BGT007 Treatment for Recurrent/refractory Gastrointestinal Malignancies

BioSyngen

Status and phase

Not yet enrolling

Early Phase 1

Conditions

Pancreatic Cancer

Colorectal Cancer

Treatments

Biological: Group A

Biological: Group B

Study type

Interventional

Funder types

Industry

Other

Identifiers

NCT06645301

BR-BGT007-001

Details and patient eligibility

About

This study is an exploratory research on single arm, open, and improved "3+3" dose escalation. BGT007 will explore two dose groups, namely (Group A: 3.0X10 ^ 8 3 cases, Group B: 6.0X10 ^ 8 3 cases), and receive the same dose infusion after observing lower adverse reactions and initial benefits (SD or PR), with an interval of one month.
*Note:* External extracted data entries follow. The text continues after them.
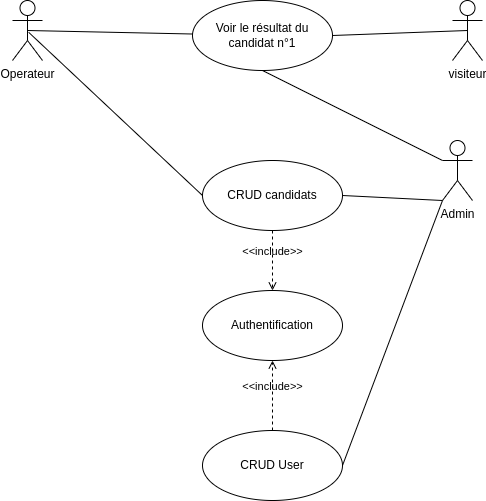

The diagram above was exported from draw.io. Its source (the exported page's mxGraphModel, read from the mxfile embedded in the PNG):
<mxGraphModel dx="1072" dy="461" grid="1" gridSize="10" guides="1" tooltips="1" connect="1" arrows="1" fold="1" page="1" pageScale="1" pageWidth="827" pageHeight="1169" math="0" shadow="0">
  <root>
    <mxCell id="0" />
    <mxCell id="1" parent="0" />
    <mxCell id="2" value="Voir le résultat du candidat n°1" style="ellipse;whiteSpace=wrap;html=1;" vertex="1" parent="1">
      <mxGeometry x="380" y="400" width="140" height="70" as="geometry" />
    </mxCell>
    <mxCell id="3" value="visiteur" style="shape=umlActor;verticalLabelPosition=bottom;verticalAlign=top;html=1;" vertex="1" parent="1">
      <mxGeometry x="640" y="400" width="30" height="60" as="geometry" />
    </mxCell>
    <mxCell id="11" value="Operateur" style="shape=umlActor;verticalLabelPosition=bottom;verticalAlign=top;html=1;" vertex="1" parent="1">
      <mxGeometry x="200" y="400" width="30" height="60" as="geometry" />
    </mxCell>
    <mxCell id="13" value="CRUD candidats" style="ellipse;whiteSpace=wrap;html=1;" vertex="1" parent="1">
      <mxGeometry x="390" y="560" width="140" height="70" as="geometry" />
    </mxCell>
    <mxCell id="15" value="Authentification" style="ellipse;whiteSpace=wrap;html=1;" vertex="1" parent="1">
      <mxGeometry x="390" y="690" width="140" height="70" as="geometry" />
    </mxCell>
    <mxCell id="18" value="&amp;lt;&amp;lt;include&amp;gt;&amp;gt;" style="html=1;verticalAlign=bottom;labelBackgroundColor=none;endArrow=open;endFill=0;dashed=1;" edge="1" parent="1" target="15">
      <mxGeometry width="160" relative="1" as="geometry">
        <mxPoint x="460" y="630" as="sourcePoint" />
        <mxPoint x="460" y="800" as="targetPoint" />
      </mxGeometry>
    </mxCell>
    <mxCell id="20" value="" style="endArrow=none;html=1;exitX=0.5;exitY=0.5;exitDx=0;exitDy=0;exitPerimeter=0;" edge="1" parent="1" source="11" target="2">
      <mxGeometry width="50" height="50" relative="1" as="geometry">
        <mxPoint x="420" y="520" as="sourcePoint" />
        <mxPoint x="470" y="470" as="targetPoint" />
      </mxGeometry>
    </mxCell>
    <mxCell id="21" value="" style="endArrow=none;html=1;entryX=1;entryY=0.5;entryDx=0;entryDy=0;exitX=0.5;exitY=0.5;exitDx=0;exitDy=0;exitPerimeter=0;" edge="1" parent="1" source="3" target="2">
      <mxGeometry width="50" height="50" relative="1" as="geometry">
        <mxPoint x="420" y="520" as="sourcePoint" />
        <mxPoint x="470" y="470" as="targetPoint" />
      </mxGeometry>
    </mxCell>
    <mxCell id="23" value="" style="endArrow=none;html=1;exitX=0.541;exitY=0.531;exitDx=0;exitDy=0;exitPerimeter=0;entryX=0;entryY=0.5;entryDx=0;entryDy=0;" edge="1" parent="1" source="11" target="13">
      <mxGeometry width="50" height="50" relative="1" as="geometry">
        <mxPoint x="420" y="520" as="sourcePoint" />
        <mxPoint x="470" y="470" as="targetPoint" />
      </mxGeometry>
    </mxCell>
    <mxCell id="24" value="CRUD User" style="ellipse;whiteSpace=wrap;html=1;" vertex="1" parent="1">
      <mxGeometry x="390" y="830" width="140" height="70" as="geometry" />
    </mxCell>
    <mxCell id="25" value="Admin" style="shape=umlActor;verticalLabelPosition=bottom;verticalAlign=top;html=1;" vertex="1" parent="1">
      <mxGeometry x="630" y="540" width="30" height="60" as="geometry" />
    </mxCell>
    <mxCell id="26" value="" style="endArrow=none;html=1;entryX=0.5;entryY=1;entryDx=0;entryDy=0;exitX=0;exitY=0.3333333333333333;exitDx=0;exitDy=0;exitPerimeter=0;" edge="1" parent="1" source="25" target="2">
      <mxGeometry width="50" height="50" relative="1" as="geometry">
        <mxPoint x="630" y="560" as="sourcePoint" />
        <mxPoint x="490" y="550" as="targetPoint" />
      </mxGeometry>
    </mxCell>
    <mxCell id="27" value="" style="endArrow=none;html=1;exitX=1;exitY=0.5;exitDx=0;exitDy=0;entryX=0;entryY=1;entryDx=0;entryDy=0;entryPerimeter=0;" edge="1" parent="1" source="13" target="25">
      <mxGeometry width="50" height="50" relative="1" as="geometry">
        <mxPoint x="430" y="580" as="sourcePoint" />
        <mxPoint x="480" y="530" as="targetPoint" />
      </mxGeometry>
    </mxCell>
    <mxCell id="28" value="" style="endArrow=none;html=1;entryX=0;entryY=1;entryDx=0;entryDy=0;entryPerimeter=0;exitX=1;exitY=0.5;exitDx=0;exitDy=0;" edge="1" parent="1" source="24" target="25">
      <mxGeometry width="50" height="50" relative="1" as="geometry">
        <mxPoint x="430" y="760" as="sourcePoint" />
        <mxPoint x="480" y="710" as="targetPoint" />
      </mxGeometry>
    </mxCell>
    <mxCell id="29" value="&amp;lt;&amp;lt;include&amp;gt;&amp;gt;" style="html=1;verticalAlign=bottom;labelBackgroundColor=none;endArrow=open;endFill=0;dashed=1;entryX=0.5;entryY=1;entryDx=0;entryDy=0;exitX=0.5;exitY=0;exitDx=0;exitDy=0;" edge="1" parent="1" source="24" target="15">
      <mxGeometry width="160" relative="1" as="geometry">
        <mxPoint x="350" y="790" as="sourcePoint" />
        <mxPoint x="510" y="790" as="targetPoint" />
      </mxGeometry>
    </mxCell>
  </root>
</mxGraphModel>

Each subject can receive a maximum of 3 infusions in total.

Full description

Main research objectives:

Evaluate the safety and tolerability of BGT007 in treating patients with recurrent/refractory multiple gastrointestinal malignancies;

Secondary research objective:

Evaluate the pharmacokinetic (PK) characteristics of BGT007;
Evaluate the preliminary effectiveness of BGT007 product.

Enrollment

15 estimated patients

Sex

All

Ages

17 to 75 years old

Volunteers

No Healthy Volunteers

Inclusion criteria

1: Voluntarily sign a written informed consent form;
2: Age ≥ 18 years old and ≤ 75 years old, both male and female are acceptable;
3: Expected survival period ≥ 3 months;
4: The physical fitness score of the Eastern Cooperative Oncology Group (ECOG) is 0 or 1;
5: Biopsy specimens or pathological paraffin sections (within 3 years prior to signing the informed consent form): target tests are both positive;
6: According to the RECIST v1.1 solid tumor evaluation criteria, there must be at least one measurable lesion, and the longest diameter evaluated by CT or MRI imaging in the baseline period must be ≥ 10 mm (excluding lymph nodes, whose short diameter must be ≥ 15 mm);
7: Advanced pancreatic cancer or colorectal cancer confirmed by histology or cytology, which has progressed through second-line or above standard treatment, or is intolerant of standard treatment, or has no standard treatment; Definition of intolerance: According to CTCAE V5.0, during the treatment process, there is a hematological toxicity of ≥ Grade IV, non hematological toxicity of ≥ Grade III, or damage to major organs such as the heart, liver, and kidneys of ≥ Grade II; The definition of treatment failure: disease progression (PD) during the treatment process or recurrence after treatment (including postoperative recurrence);
8: Can establish a single or intravenous blood collection pathway, and there are no other contraindications for blood cell isolation;
9: Having sufficient organ and bone marrow functions
10: Medical contraceptive measures. Female subjects of childbearing age must undergo a pregnancy test within 72 hours before the first administration, and the result must be negative.

Exclusion criteria

1: Active central nervous system metastases (excluding those that have been treated and stabilized);
2: HIV positive, HBsAg positive with HBV DNA copy number positive (greater than the detection limit), HCV antibody positive and HCV RNA positive, syphilis non-specific antibody (RPR or TRUST) positive;
3: Individuals with mental or psychological disorders who are unable to cooperate with treatment and efficacy evaluation;
4: Subjects with severe autoimmune diseases and long-term use of immunosuppressants;
5: Within the 14 days prior to enrollment, there were active or uncontrollable infections that required systemic treatment;
6: Any unstable systemic disease (including but not limited to): active infection (excluding local infection); Unstable angina pectoris; Cerebrovascular ischemia or cerebrovascular accident (within 6 months prior to screening); Myocardial infarction (within 6 months prior to screening); Congestive heart failure (NYHA classification ≥ III); Severe arrhythmia requiring medication treatment; Heart disease requiring treatment or uncontrolled hypertension after treatment (blood pressure>160mmHg/100 mmHg);
7: Functional impairment of important organs such as lungs, brain, and kidneys;
8: The subjects have undergone major surgery or severe trauma within 4 weeks prior to receiving treatment with the investigational product, or are expected to undergo major surgery during the study period;
9: Received any systemic chemotherapy, immunotherapy, or small molecule targeted therapy within 2 weeks prior to single collection or within 5 half lives (whichever is shorter);
10: Received treatment with chimeric antigen receptor modified T cells (including CAR-T and TCR-T) within six months;
11: Severe allergies or a history of allergies;
12: Subjects requiring anticoagulant therapy;
13: Pregnant or lactating women, or those with a pregnancy plan within six months (for both men and women)
14: Researchers believe that there are other reasons why treatment providers cannot be included.